§ Exercise goal:
Extract the final stretch of the data: the line that contains "mainframe class System" and every line after it, unaltered, and no other lines.

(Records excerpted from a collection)
= = = = = = =
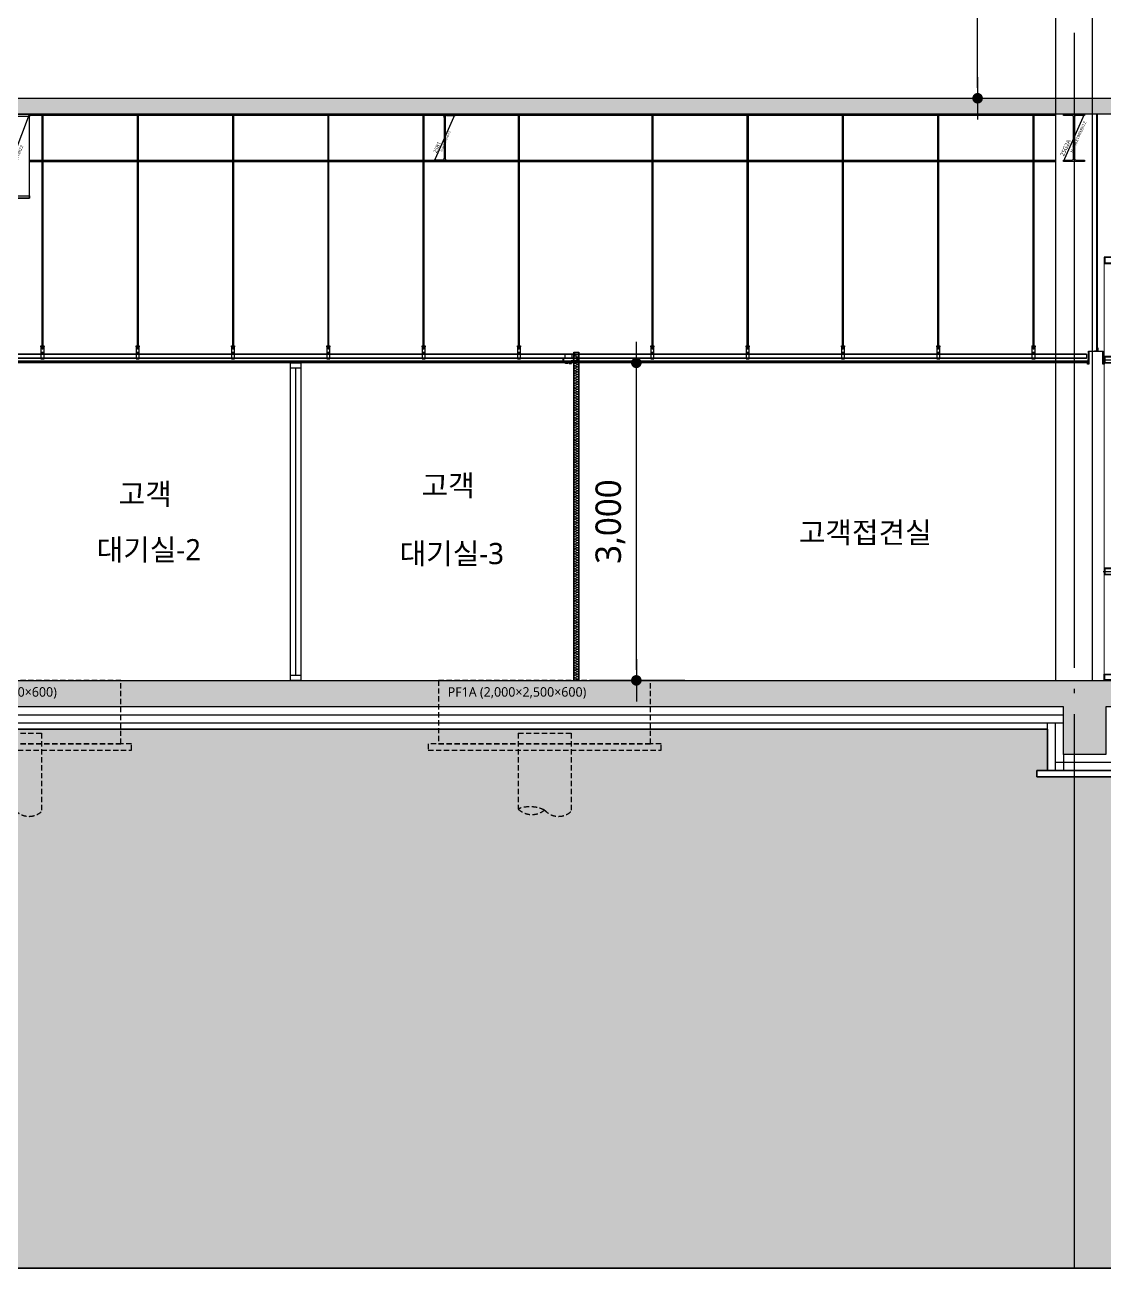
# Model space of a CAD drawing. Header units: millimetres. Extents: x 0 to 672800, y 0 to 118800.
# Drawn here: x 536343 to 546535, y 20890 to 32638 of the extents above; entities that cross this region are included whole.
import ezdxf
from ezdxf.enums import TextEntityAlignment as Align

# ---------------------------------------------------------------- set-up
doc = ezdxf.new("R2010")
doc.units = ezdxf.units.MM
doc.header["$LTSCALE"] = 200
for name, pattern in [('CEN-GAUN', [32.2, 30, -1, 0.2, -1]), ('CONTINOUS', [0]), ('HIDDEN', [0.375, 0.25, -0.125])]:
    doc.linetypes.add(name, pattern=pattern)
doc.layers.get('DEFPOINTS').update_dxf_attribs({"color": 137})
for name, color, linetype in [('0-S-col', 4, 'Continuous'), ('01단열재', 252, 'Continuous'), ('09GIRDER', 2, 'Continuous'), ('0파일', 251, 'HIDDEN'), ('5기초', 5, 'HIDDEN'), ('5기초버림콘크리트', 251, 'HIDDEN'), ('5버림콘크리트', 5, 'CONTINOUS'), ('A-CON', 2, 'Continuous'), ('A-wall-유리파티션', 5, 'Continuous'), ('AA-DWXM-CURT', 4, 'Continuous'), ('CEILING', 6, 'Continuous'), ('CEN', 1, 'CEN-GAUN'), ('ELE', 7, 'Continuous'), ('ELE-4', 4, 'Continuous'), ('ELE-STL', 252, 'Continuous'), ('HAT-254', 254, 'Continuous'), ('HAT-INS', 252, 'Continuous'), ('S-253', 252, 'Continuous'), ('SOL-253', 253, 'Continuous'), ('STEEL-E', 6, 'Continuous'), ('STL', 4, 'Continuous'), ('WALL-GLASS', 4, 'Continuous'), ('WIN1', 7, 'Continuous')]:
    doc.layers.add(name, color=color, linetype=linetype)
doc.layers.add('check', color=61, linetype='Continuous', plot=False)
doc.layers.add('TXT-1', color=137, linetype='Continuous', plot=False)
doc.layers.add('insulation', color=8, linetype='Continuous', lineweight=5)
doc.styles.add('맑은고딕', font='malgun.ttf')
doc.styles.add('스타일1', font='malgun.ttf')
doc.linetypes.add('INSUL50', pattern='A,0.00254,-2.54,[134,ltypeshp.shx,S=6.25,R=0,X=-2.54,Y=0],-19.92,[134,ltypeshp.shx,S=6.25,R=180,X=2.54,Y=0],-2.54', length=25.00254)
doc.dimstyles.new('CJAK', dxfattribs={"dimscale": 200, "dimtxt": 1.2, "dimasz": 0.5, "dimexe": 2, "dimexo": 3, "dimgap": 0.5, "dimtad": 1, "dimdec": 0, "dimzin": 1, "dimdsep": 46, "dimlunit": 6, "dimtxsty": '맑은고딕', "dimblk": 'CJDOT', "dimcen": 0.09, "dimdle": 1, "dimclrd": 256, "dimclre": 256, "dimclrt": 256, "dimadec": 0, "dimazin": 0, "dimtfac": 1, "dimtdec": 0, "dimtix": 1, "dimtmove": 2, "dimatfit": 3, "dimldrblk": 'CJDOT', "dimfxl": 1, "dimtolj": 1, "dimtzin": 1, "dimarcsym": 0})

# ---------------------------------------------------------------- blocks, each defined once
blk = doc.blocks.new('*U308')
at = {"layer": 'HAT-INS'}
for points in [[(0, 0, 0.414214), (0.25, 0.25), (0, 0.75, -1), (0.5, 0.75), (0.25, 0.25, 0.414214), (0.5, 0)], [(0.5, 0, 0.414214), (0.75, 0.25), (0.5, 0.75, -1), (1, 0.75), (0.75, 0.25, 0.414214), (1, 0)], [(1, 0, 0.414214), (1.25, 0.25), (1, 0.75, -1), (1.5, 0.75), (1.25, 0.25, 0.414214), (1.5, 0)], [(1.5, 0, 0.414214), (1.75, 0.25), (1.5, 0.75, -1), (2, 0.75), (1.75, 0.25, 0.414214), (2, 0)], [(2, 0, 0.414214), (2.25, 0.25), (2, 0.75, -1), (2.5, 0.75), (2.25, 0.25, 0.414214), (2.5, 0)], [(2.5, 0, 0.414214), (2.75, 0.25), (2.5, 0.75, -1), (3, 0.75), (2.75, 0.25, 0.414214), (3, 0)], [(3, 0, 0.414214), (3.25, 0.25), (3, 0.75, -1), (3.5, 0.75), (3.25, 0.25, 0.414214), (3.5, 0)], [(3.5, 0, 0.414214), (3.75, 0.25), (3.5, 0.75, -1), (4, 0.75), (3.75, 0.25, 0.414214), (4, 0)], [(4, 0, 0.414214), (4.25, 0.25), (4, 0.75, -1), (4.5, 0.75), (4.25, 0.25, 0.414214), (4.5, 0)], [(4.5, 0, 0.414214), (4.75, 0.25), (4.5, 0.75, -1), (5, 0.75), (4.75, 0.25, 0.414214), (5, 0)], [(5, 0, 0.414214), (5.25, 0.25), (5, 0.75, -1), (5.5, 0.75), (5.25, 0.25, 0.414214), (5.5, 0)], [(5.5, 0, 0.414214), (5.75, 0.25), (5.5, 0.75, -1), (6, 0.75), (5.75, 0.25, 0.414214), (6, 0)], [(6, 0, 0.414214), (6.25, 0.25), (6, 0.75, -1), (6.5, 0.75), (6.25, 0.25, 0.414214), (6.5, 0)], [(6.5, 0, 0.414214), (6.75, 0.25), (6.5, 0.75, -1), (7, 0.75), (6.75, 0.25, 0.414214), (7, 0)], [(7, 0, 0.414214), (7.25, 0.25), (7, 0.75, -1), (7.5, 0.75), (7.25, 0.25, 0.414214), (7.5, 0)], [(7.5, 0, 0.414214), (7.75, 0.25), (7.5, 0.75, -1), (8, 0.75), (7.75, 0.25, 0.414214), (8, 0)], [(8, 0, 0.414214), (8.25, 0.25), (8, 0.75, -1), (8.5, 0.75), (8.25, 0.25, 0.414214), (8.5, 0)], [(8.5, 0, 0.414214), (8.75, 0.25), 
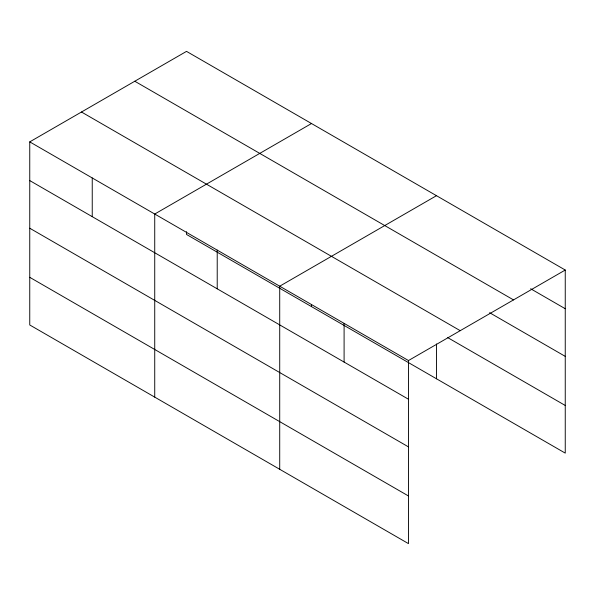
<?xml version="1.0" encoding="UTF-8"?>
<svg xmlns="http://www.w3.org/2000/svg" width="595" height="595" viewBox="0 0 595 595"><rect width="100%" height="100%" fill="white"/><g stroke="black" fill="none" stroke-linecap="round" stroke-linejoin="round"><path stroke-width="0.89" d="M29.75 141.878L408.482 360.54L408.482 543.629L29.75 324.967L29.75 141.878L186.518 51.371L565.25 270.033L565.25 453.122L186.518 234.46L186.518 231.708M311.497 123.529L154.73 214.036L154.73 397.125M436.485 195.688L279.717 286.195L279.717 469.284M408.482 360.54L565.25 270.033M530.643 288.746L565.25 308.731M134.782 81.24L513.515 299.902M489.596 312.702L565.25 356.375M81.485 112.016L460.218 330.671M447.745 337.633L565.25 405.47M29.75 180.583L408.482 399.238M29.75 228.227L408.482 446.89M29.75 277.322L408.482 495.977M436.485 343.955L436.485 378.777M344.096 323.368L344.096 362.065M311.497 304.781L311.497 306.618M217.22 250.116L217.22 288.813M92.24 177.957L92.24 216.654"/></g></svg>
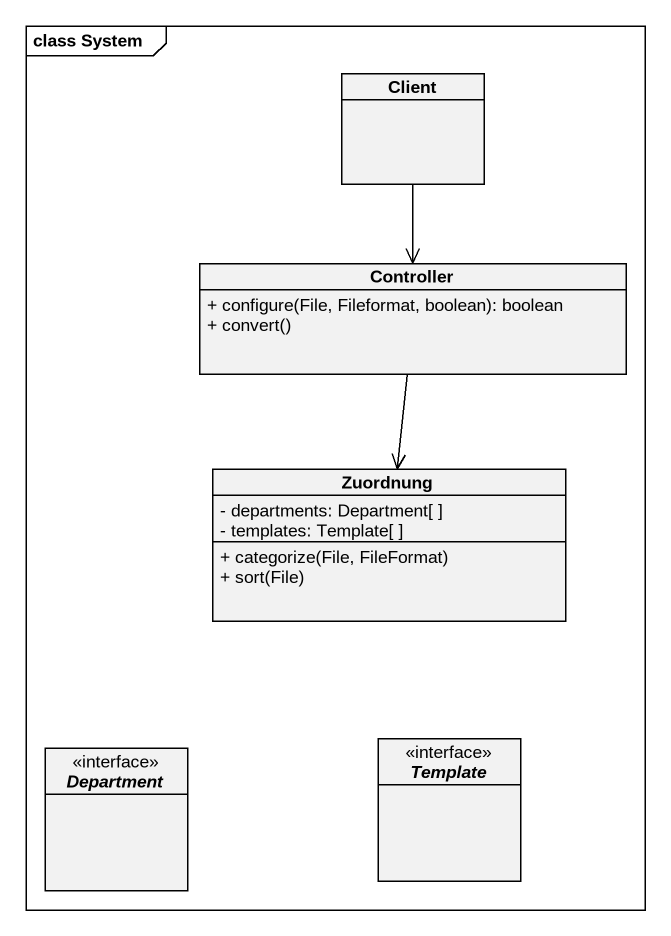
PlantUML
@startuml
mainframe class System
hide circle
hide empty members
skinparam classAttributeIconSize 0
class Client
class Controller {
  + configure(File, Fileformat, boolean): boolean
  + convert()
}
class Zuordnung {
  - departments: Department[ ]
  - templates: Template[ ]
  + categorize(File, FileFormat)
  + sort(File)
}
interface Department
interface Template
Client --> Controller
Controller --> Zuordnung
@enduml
= = = = = = =
§ Worked solution:
mainframe class System
hide circle
hide empty members
skinparam classAttributeIconSize 0
class Client
class Controller {
  + configure(File, Fileformat, boolean): boolean
  + convert()
}
class Zuordnung {
  - departments: Department[ ]
  - templates: Template[ ]
  + categorize(File, FileFormat)
  + sort(File)
}
interface Department
interface Template
Client --> Controller
Controller --> Zuordnung
@enduml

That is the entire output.